■ **Assignment**
Using the entries below, give the count of lines that hold "linetype". Say nothing besides the number.

■ **Data for this exercise**
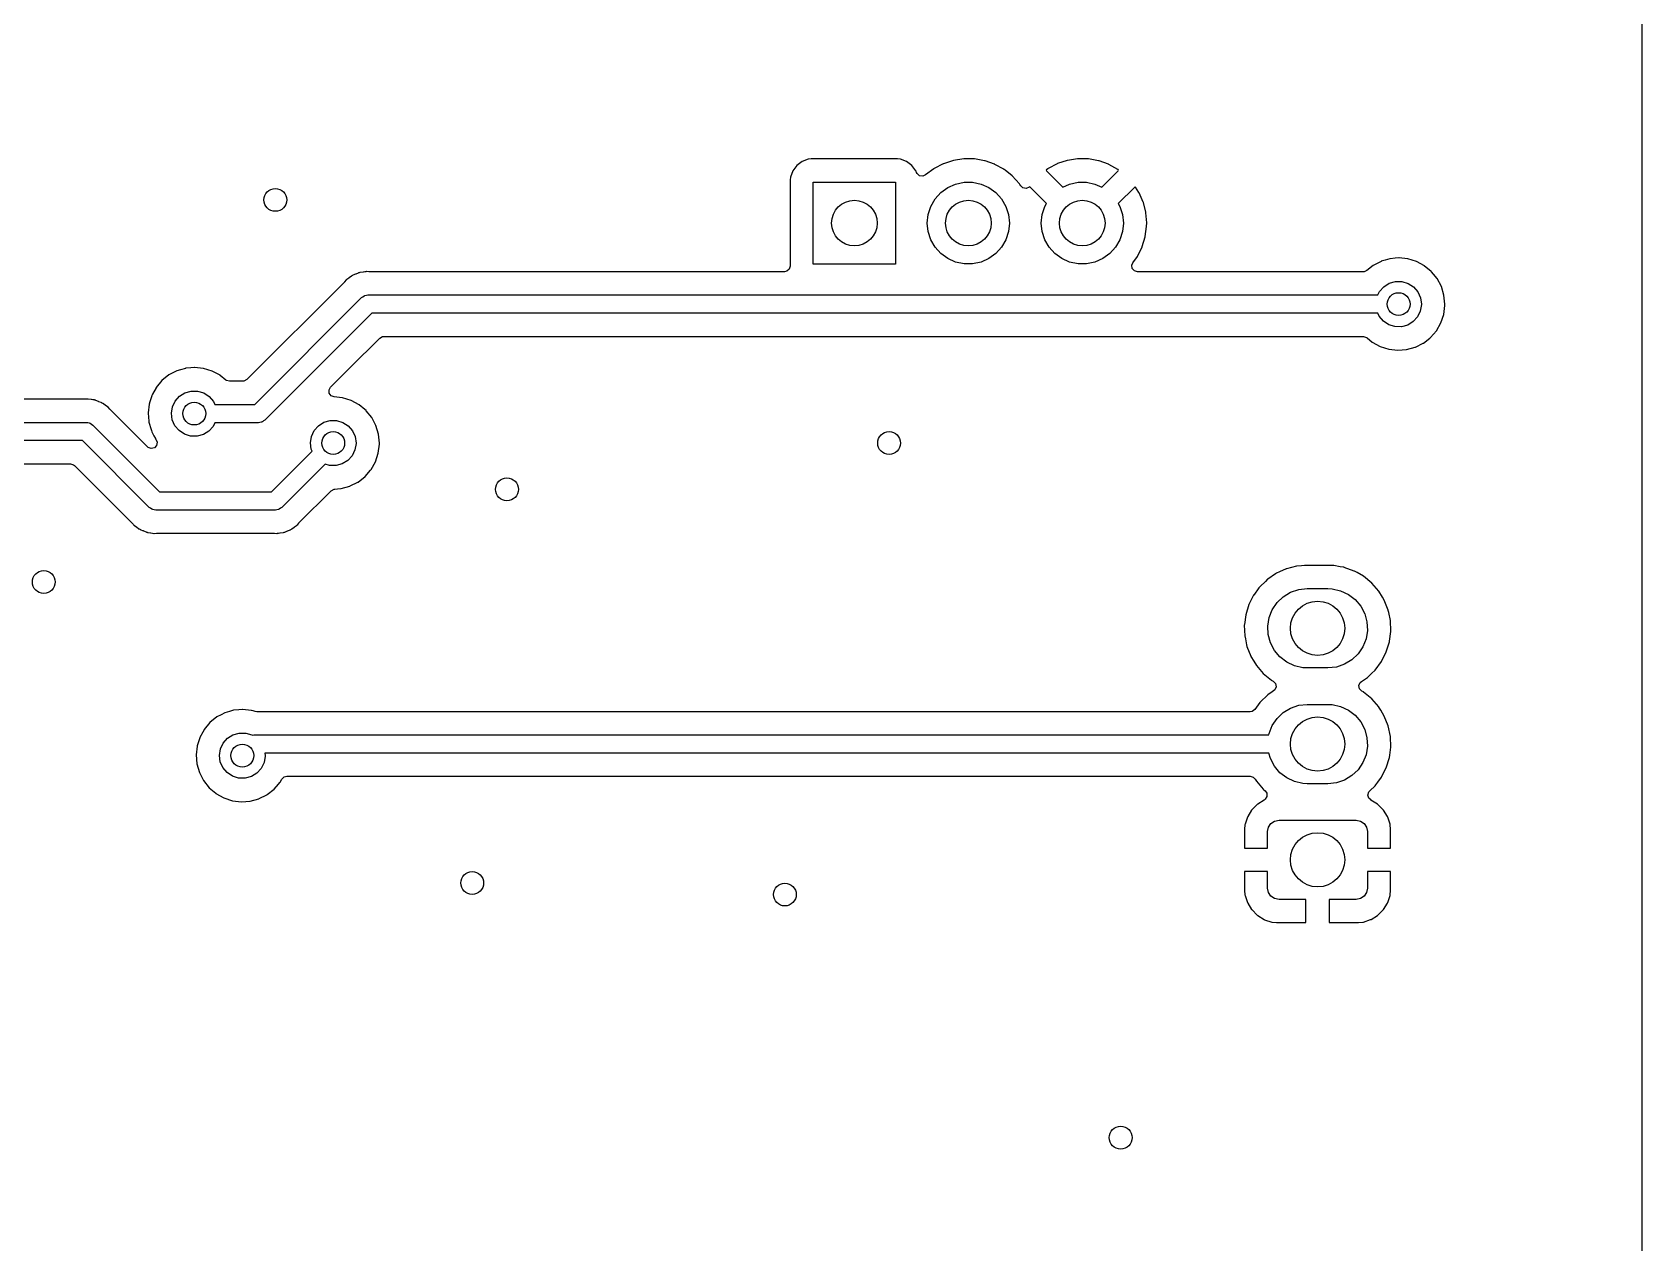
# Model space of a CAD drawing. Extents: x 41 to 172, y -238 to -26.
# Drawn here: x 136.91 to 172.21, y -139.21 to -112.65 of the extents above; entities that cross this region are included whole.
import ezdxf

# ---------------------------------------------------------------- set-up
doc = ezdxf.new("R2010")
doc.units = 0
doc.layers.add('BLACK', color=7, linetype='CONTINUOUS')

msp = doc.modelspace()

# ---------------------------------------------------------------- linework, layer by layer
at = {"layer": 'BLACK', "linetype": 'CONTINUOUS'}
for p, q in [((172.212, -46.0861), (172.212, -153.633)), ((153.93, -115.438), (153.793, -115.489)), ((153.992, -115.431), (153.93, -115.438)), ((155.888, -115.431), (153.992, -115.431)), ((155.95, -115.438), (155.888, -115.431)), ((156.087, -115.489), (155.95, -115.438)), ((157.341, -115.43), (157.112, -115.465)), ((157.347, -115.43), (157.341, -115.43)), ((157.5, -115.432), (157.347, -115.43)), ((157.347, -115.43), (157.347, -115.43)), ((157.573, -115.433), (157.5, -115.432)), ((157.578, -115.434), (157.573, -115.433)), ((157.796, -115.473), (157.578, -115.434)), ((157.578, -115.434), (157.578, -115.434)), ((159.836, -115.431), (159.618, -115.465)), ((159.847, -115.431), (159.836, -115.431)), ((160.068, -115.433), (159.847, -115.431)), ((160.078, -115.434), (160.068, -115.433)), ((160.296, -115.473), (160.078, -115.434)), ((153.589, -115.693), (153.538, -115.83)), ((153.677, -115.577), (153.589, -115.693)), ((153.793, -115.489), (153.677, -115.577)), ((156.203, -115.577), (156.087, -115.489)), ((156.291, -115.693), (156.203, -115.577)), ((156.294, -115.702), (156.291, -115.693)), ((156.304, -115.73), (156.294, -115.702)), ((156.294, -115.702), (156.294, -115.702)), ((156.317, -115.755), (156.304, -115.73)), ((156.371, -115.801), (156.317, -115.755)), ((156.442, -115.81), (156.371, -115.801)), ((156.501, -115.782), (156.442, -115.81)), ((156.502, -115.783), (156.501, -115.782)), ((156.683, -115.647), (156.502, -115.783)), ((156.687, -115.644), (156.683, -115.647)), ((156.683, -115.647), (156.683, -115.647)), ((156.691, -115.642), (156.687, -115.644)), ((156.888, -115.539), (156.691, -115.642)), ((156.892, -115.537), (156.888, -115.539)), ((156.888, -115.539), (156.888, -115.539)), ((157.112, -115.465), (156.892, -115.537)), ((157.801, -115.474), (157.796, -115.473)), ((157.796, -115.473), (157.796, -115.473)), ((157.806, -115.475), (157.801, -115.474)), ((158.014, -115.549), (157.806, -115.475)), ((157.806, -115.475), (157.806, -115.475)), ((158.019, -115.551), (158.014, -115.549)), ((158.014, -115.549), (158.014, -115.549)), ((158.024, -115.553), (158.019, -115.551)), ((158.218, -115.66), (158.024, -115.553)), ((158.024, -115.553), (158.024, -115.553)), ((158.222, -115.663), (158.218, -115.66)), ((158.218, -115.66), (158.218, -115.66)), ((158.226, -115.666), (158.222, -115.663)), ((158.245, -115.681), (158.226, -115.666)), ((158.226, -115.666), (158.226, -115.666)), ((158.4, -115.803), (158.245, -115.681)), ((159.154, -115.669), (159.146, -115.681)), ((159.146, -115.681), (159.152, -115.693)), ((159.152, -115.693), (159.511, -116.051)), ((159.183, -115.648), (159.154, -115.669)), ((159.192, -115.642), (159.183, -115.648)), ((159.388, -115.54), (159.192, -115.642)), ((159.397, -115.536), (159.388, -115.54)), ((159.608, -115.467), (159.397, -115.536)), ((159.618, -115.465), (159.608, -115.467)), ((160.306, -115.476), (160.296, -115.473)), ((160.514, -115.55), (160.306, -115.476)), ((160.369, -116.051), (160.729, -115.692)), ((160.524, -115.554), (160.514, -115.55)), ((160.717, -115.661), (160.524, -115.554)), ((160.726, -115.666), (160.717, -115.661)), ((160.728, -115.668), (160.726, -115.666)), ((160.736, -115.679), (160.728, -115.668)), ((160.729, -115.692), (160.736, -115.679)), ((153.538, -115.83), (153.531, -115.892)), ((153.531, -115.892), (153.531, -117.783)), ((154.04, -117.74), (154.04, -115.94)), ((154.04, -115.94), (155.84, -115.94)), ((155.84, -115.94), (155.84, -117.74)), ((156.838, -116.171), (156.99, -116.061)), ((156.99, -116.061), (157.162, -115.984)), ((157.162, -115.984), (157.346, -115.945)), ((157.346, -115.945), (157.534, -115.945)), ((157.534, -115.945), (157.718, -115.984)), ((157.718, -115.984), (157.89, -116.061)), ((157.89, -116.061), (158.042, -116.171)), ((158.404, -115.806), (158.4, -115.803)), ((158.4, -115.803), (158.4, -115.803)), ((158.56, -115.978), (158.404, -115.806)), ((158.568, -115.991), (158.56, -115.978)), ((158.589, -116.023), (158.568, -115.991)), ((158.637, -116.067), (158.589, -116.023)), ((158.707, -116.08), (158.637, -116.067)), ((158.773, -116.054), (158.707, -116.08)), ((158.782, -116.047), (158.773, -116.054)), ((158.794, -116.053), (158.782, -116.047)), ((159.153, -116.412), (158.794, -116.053)), ((159.511, -116.051), (159.662, -115.984)), ((159.662, -115.984), (159.846, -115.945)), ((159.846, -115.945), (160.034, -115.945)), ((160.034, -115.945), (160.218, -115.984)), ((160.218, -115.984), (160.369, -116.051)), ((161.089, -116.05), (160.727, -116.412)), ((161.099, -116.046), (161.089, -116.05)), ((161.109, -116.055), (161.099, -116.046)), ((161.182, -116.168), (161.109, -116.055)), ((156.56, -116.653), (156.618, -116.474)), ((156.618, -116.474), (156.712, -116.311)), ((156.712, -116.311), (156.838, -116.171)), ((158.042, -116.171), (158.168, -116.311)), ((158.168, -116.311), (158.262, -116.474)), ((158.262, -116.474), (158.32, -116.653)), ((159.06, -116.653), (159.118, -116.474)), ((159.118, -116.474), (159.153, -116.412)), ((160.727, -116.412), (160.762, -116.474)), ((160.762, -116.474), (160.82, -116.653)), ((161.187, -116.177), (161.182, -116.168)), ((161.275, -116.38), (161.187, -116.177)), ((161.279, -116.39), (161.275, -116.38)), ((161.333, -116.604), (161.279, -116.39)), ((156.54, -116.84), (156.56, -116.653)), ((156.56, -117.027), (156.54, -116.84)), ((158.32, -116.653), (158.34, -116.84)), ((158.34, -116.84), (158.32, -117.027)), ((159.04, -116.84), (159.06, -116.653)), ((159.06, -117.027), (159.04, -116.84)), ((160.82, -116.653), (160.84, -116.84)), ((160.84, -116.84), (160.82, -117.027)), ((161.334, -116.614), (161.333, -116.604)), ((161.353, -116.837), (161.334, -116.614)), ((161.351, -116.906), (161.353, -116.843)), ((161.353, -116.843), (161.353, -116.837)), ((156.618, -117.206), (156.56, -117.027)), ((156.712, -117.369), (156.618, -117.206)), ((158.262, -117.206), (158.168, -117.369)), ((158.32, -117.027), (158.262, -117.206)), ((159.118, -117.206), (159.06, -117.027)), ((159.212, -117.369), (159.118, -117.206)), ((160.762, -117.206), (160.668, -117.369)), ((160.82, -117.027), (160.762, -117.206)), ((161.255, -117.355), (161.319, -117.144)), ((161.319, -117.144), (161.322, -117.133)), ((161.322, -117.133), (161.351, -116.912)), ((161.351, -116.912), (161.351, -116.906)), ((156.838, -117.509), (156.712, -117.369)), ((156.99, -117.619), (156.838, -117.509)), ((158.042, -117.509), (157.89, -117.619)), ((158.168, -117.369), (158.042, -117.509)), ((159.338, -117.509), (159.212, -117.369)), ((159.49, -117.619), (159.338, -117.509)), ((160.542, -117.509), (160.39, -117.619)), ((160.668, -117.369), (160.542, -117.509)), ((161.148, -117.572), (161.153, -117.563)), ((161.153, -117.563), (161.251, -117.365)), ((161.251, -117.365), (161.255, -117.355)), ((144.165, -117.917), (144.102, -117.925)), ((144.172, -117.916), (144.165, -117.917)), ((144.201, -117.911), (144.172, -117.916)), ((144.227, -117.907), (144.201, -117.911)), ((144.235, -117.905), (144.227, -117.907)), ((144.227, -117.907), (144.227, -117.907)), ((144.242, -117.906), (144.235, -117.905)), ((144.292, -117.909), (144.242, -117.906)), ((144.242, -117.906), (144.242, -117.906)), ((144.301, -117.909), (144.292, -117.909)), ((153.405, -117.909), (144.301, -117.909)), ((153.458, -117.898), (153.405, -117.909)), ((153.511, -117.852), (153.458, -117.898)), ((153.531, -117.783), (153.511, -117.852)), ((155.84, -117.74), (154.04, -117.74)), ((157.162, -117.696), (156.99, -117.619)), ((157.346, -117.735), (157.162, -117.696)), ((157.534, -117.735), (157.346, -117.735)), ((157.718, -117.696), (157.534, -117.735)), ((157.89, -117.619), (157.718, -117.696)), ((159.662, -117.696), (159.49, -117.619)), ((159.846, -117.735), (159.662, -117.696)), ((160.034, -117.735), (159.846, -117.735)), ((160.218, -117.696), (160.034, -117.735)), ((160.39, -117.619), (160.218, -117.696)), ((161.026, -117.766), (161.049, -117.71)), ((161.036, -117.836), (161.026, -117.766)), ((161.083, -117.889), (161.036, -117.836)), ((161.049, -117.71), (161.148, -117.572)), ((161.151, -117.909), (161.083, -117.889)), ((166.105, -117.909), (161.151, -117.909)), ((166.119, -117.909), (166.105, -117.909)), ((166.184, -117.882), (166.119, -117.909)), ((166.323, -117.77), (166.184, -117.882)), ((166.438, -117.71), (166.323, -117.77)), ((166.493, -117.681), (166.438, -117.71)), ((166.498, -117.678), (166.493, -117.681)), ((166.493, -117.681), (166.493, -117.681)), ((166.586, -117.653), (166.498, -117.678)), ((166.682, -117.624), (166.586, -117.653)), ((166.688, -117.623), (166.682, -117.624)), ((166.682, -117.624), (166.682, -117.624)), ((166.694, -117.622), (166.688, -117.623)), ((166.803, -117.612), (166.694, -117.622)), ((166.694, -117.622), (166.694, -117.622)), ((166.885, -117.605), (166.803, -117.612)), ((166.891, -117.605), (166.885, -117.605)), ((167.076, -117.625), (166.891, -117.605)), ((166.891, -117.605), (166.891, -117.605)), ((167.082, -117.625), (167.076, -117.625)), ((167.076, -117.625), (167.076, -117.625)), ((167.271, -117.684), (167.082, -117.625)), ((167.445, -117.778), (167.271, -117.684)), ((167.449, -117.782), (167.445, -117.778)), ((167.587, -117.895), (167.449, -117.782)), ((167.449, -117.782), (167.449, -117.782)), ((167.597, -117.904), (167.587, -117.895)), ((167.601, -117.909), (167.597, -117.904)), ((167.643, -117.96), (167.601, -117.909)), ((167.601, -117.909), (167.601, -117.909)), ((143.754, -118.134), (141.613, -120.275)), ((143.759, -118.129), (143.754, -118.134)), ((143.795, -118.088), (143.759, -118.129)), ((143.8, -118.083), (143.795, -118.088)), ((143.795, -118.088), (143.795, -118.088)), ((143.806, -118.078), (143.8, -118.083)), ((143.853, -118.046), (143.806, -118.078)), ((143.806, -118.078), (143.806, -118.078)), ((143.858, -118.043), (143.853, -118.046)), ((143.909, -118.004), (143.858, -118.043)), ((143.916, -118.001), (143.909, -118.004)), ((143.918, -117.999), (143.916, -118.001)), ((143.933, -117.991), (143.918, -117.999)), ((143.935, -117.99), (143.933, -117.991)), ((143.941, -117.986), (143.935, -117.99)), ((144.001, -117.963), (143.941, -117.986)), ((144.007, -117.96), (144.001, -117.963)), ((144.059, -117.938), (144.007, -117.96)), ((144.066, -117.935), (144.059, -117.938)), ((144.073, -117.933), (144.066, -117.935)), ((144.076, -117.933), (144.073, -117.933)), ((144.092, -117.928), (144.076, -117.933)), ((144.095, -117.928), (144.092, -117.928)), ((144.102, -117.925), (144.095, -117.928)), ((166.46, -118.343), (166.554, -118.237)), ((166.554, -118.237), (166.674, -118.162)), ((166.674, -118.162), (166.81, -118.123)), ((166.81, -118.123), (166.952, -118.123)), ((166.952, -118.123), (167.088, -118.164)), ((167.088, -118.164), (167.207, -118.241)), ((167.207, -118.241), (167.299, -118.349)), ((167.722, -118.057), (167.643, -117.96)), ((167.815, -118.232), (167.722, -118.057)), ((167.872, -118.421), (167.815, -118.232)), ((141.787, -120.82), (144.131, -118.476)), ((144.131, -118.476), (144.159, -118.459)), ((144.159, -118.459), (144.185, -118.438)), ((144.185, -118.438), (144.196, -118.435)), ((144.196, -118.435), (144.206, -118.429)), ((144.206, -118.429), (144.239, -118.425)), ((144.239, -118.425), (144.272, -118.418)), ((144.272, -118.418), (166.425, -118.418)), ((166.425, -118.418), (166.46, -118.343)), ((167.299, -118.349), (167.358, -118.478)), ((167.358, -118.478), (167.378, -118.618)), ((167.378, -118.618), (167.378, -118.63)), ((167.891, -118.618), (167.872, -118.421)), ((167.891, -118.646), (167.891, -118.618)), ((144.355, -118.818), (142.011, -121.162)), ((166.425, -118.818), (144.355, -118.818)), ((166.454, -118.882), (166.425, -118.818)), ((166.545, -118.991), (166.454, -118.882)), ((167.293, -118.898), (167.197, -119.003)), ((167.354, -118.77), (167.293, -118.898)), ((167.378, -118.63), (167.354, -118.77)), ((167.804, -119.03), (167.866, -118.843)), ((167.866, -118.843), (167.891, -118.646)), ((144.529, -119.363), (144.591, -119.329)), ((144.591, -119.329), (144.618, -119.326)), ((144.618, -119.326), (166.108, -119.326)), ((166.108, -119.326), (166.176, -119.347)), ((166.663, -119.069), (166.545, -118.991)), ((166.798, -119.112), (166.663, -119.069)), ((166.94, -119.114), (166.798, -119.112)), ((167.077, -119.077), (166.94, -119.114)), ((167.197, -119.003), (167.077, -119.077)), ((167.577, -119.352), (167.706, -119.202)), ((167.706, -119.202), (167.804, -119.03)), ((143.877, -120.015), (144.529, -119.363)), ((166.176, -119.347), (166.19, -119.357)), ((166.19, -119.357), (166.3, -119.45)), ((166.3, -119.45), (166.472, -119.547)), ((166.472, -119.547), (166.66, -119.608)), ((166.66, -119.608), (166.857, -119.631)), ((166.857, -119.631), (166.863, -119.631)), ((166.863, -119.631), (167.048, -119.616)), ((166.863, -119.631), (166.863, -119.631)), ((167.048, -119.616), (167.048, -119.616)), ((167.048, -119.616), (167.054, -119.616)), ((167.054, -119.616), (167.244, -119.563)), ((167.244, -119.563), (167.25, -119.56)), ((167.25, -119.56), (167.415, -119.476)), ((167.25, -119.56), (167.25, -119.56)), ((167.415, -119.476), (167.421, -119.474)), ((167.415, -119.476), (167.415, -119.476)), ((167.421, -119.474), (167.562, -119.363)), ((167.562, -119.363), (167.572, -119.356)), ((167.572, -119.356), (167.577, -119.352)), ((140.266, -120.027), (140.161, -120.058)), ((140.272, -120.025), (140.266, -120.027)), ((140.266, -120.027), (140.266, -120.027)), ((140.278, -120.025), (140.272, -120.025)), ((140.387, -120.015), (140.278, -120.025)), ((140.278, -120.025), (140.278, -120.025)), ((140.469, -120.007), (140.387, -120.015)), ((140.475, -120.008), (140.469, -120.007)), ((140.66, -120.027), (140.475, -120.008)), ((140.475, -120.008), (140.475, -120.008)), ((140.666, -120.028), (140.66, -120.027)), ((140.66, -120.027), (140.66, -120.027)), ((140.855, -120.086), (140.666, -120.028)), ((143.453, -120.439), (143.877, -120.015)), ((139.753, -120.296), (139.626, -120.448)), ((139.907, -120.173), (139.753, -120.296)), ((140.008, -120.12), (139.907, -120.173)), ((140.077, -120.084), (140.008, -120.12)), ((140.082, -120.081), (140.077, -120.084)), ((140.077, -120.084), (140.077, -120.084)), ((140.161, -120.058), (140.082, -120.081)), ((141.029, -120.18), (140.855, -120.086)), ((141.033, -120.184), (141.029, -120.18)), ((141.153, -120.283), (141.033, -120.184)), ((141.033, -120.184), (141.033, -120.184)), ((141.165, -120.292), (141.153, -120.283)), ((141.233, -120.312), (141.165, -120.292)), ((141.524, -120.312), (141.233, -120.312)), ((141.551, -120.309), (141.524, -120.312)), ((141.613, -120.275), (141.551, -120.309)), ((138.068, -120.703), (127.619, -120.703)), ((138.075, -120.703), (138.068, -120.703)), ((138.13, -120.7), (138.075, -120.703)), ((138.137, -120.7), (138.13, -120.7)), ((138.13, -120.7), (138.13, -120.7)), ((138.2, -120.711), (138.137, -120.7)), ((138.207, -120.712), (138.2, -120.711)), ((138.233, -120.716), (138.207, -120.712)), ((138.262, -120.72), (138.233, -120.716)), ((138.27, -120.721), (138.262, -120.72)), ((138.262, -120.72), (138.262, -120.72)), ((138.277, -120.723), (138.27, -120.721)), ((138.28, -120.724), (138.277, -120.723)), ((138.296, -120.729), (138.28, -120.724)), ((138.298, -120.73), (138.296, -120.729)), ((138.306, -120.731), (138.298, -120.73)), ((138.364, -120.757), (138.306, -120.731)), ((139.529, -120.627), (139.486, -120.76)), ((139.531, -120.621), (139.529, -120.627)), ((139.529, -120.627), (139.529, -120.627)), ((139.544, -120.597), (139.531, -120.621)), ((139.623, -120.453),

■ **Written solution**
2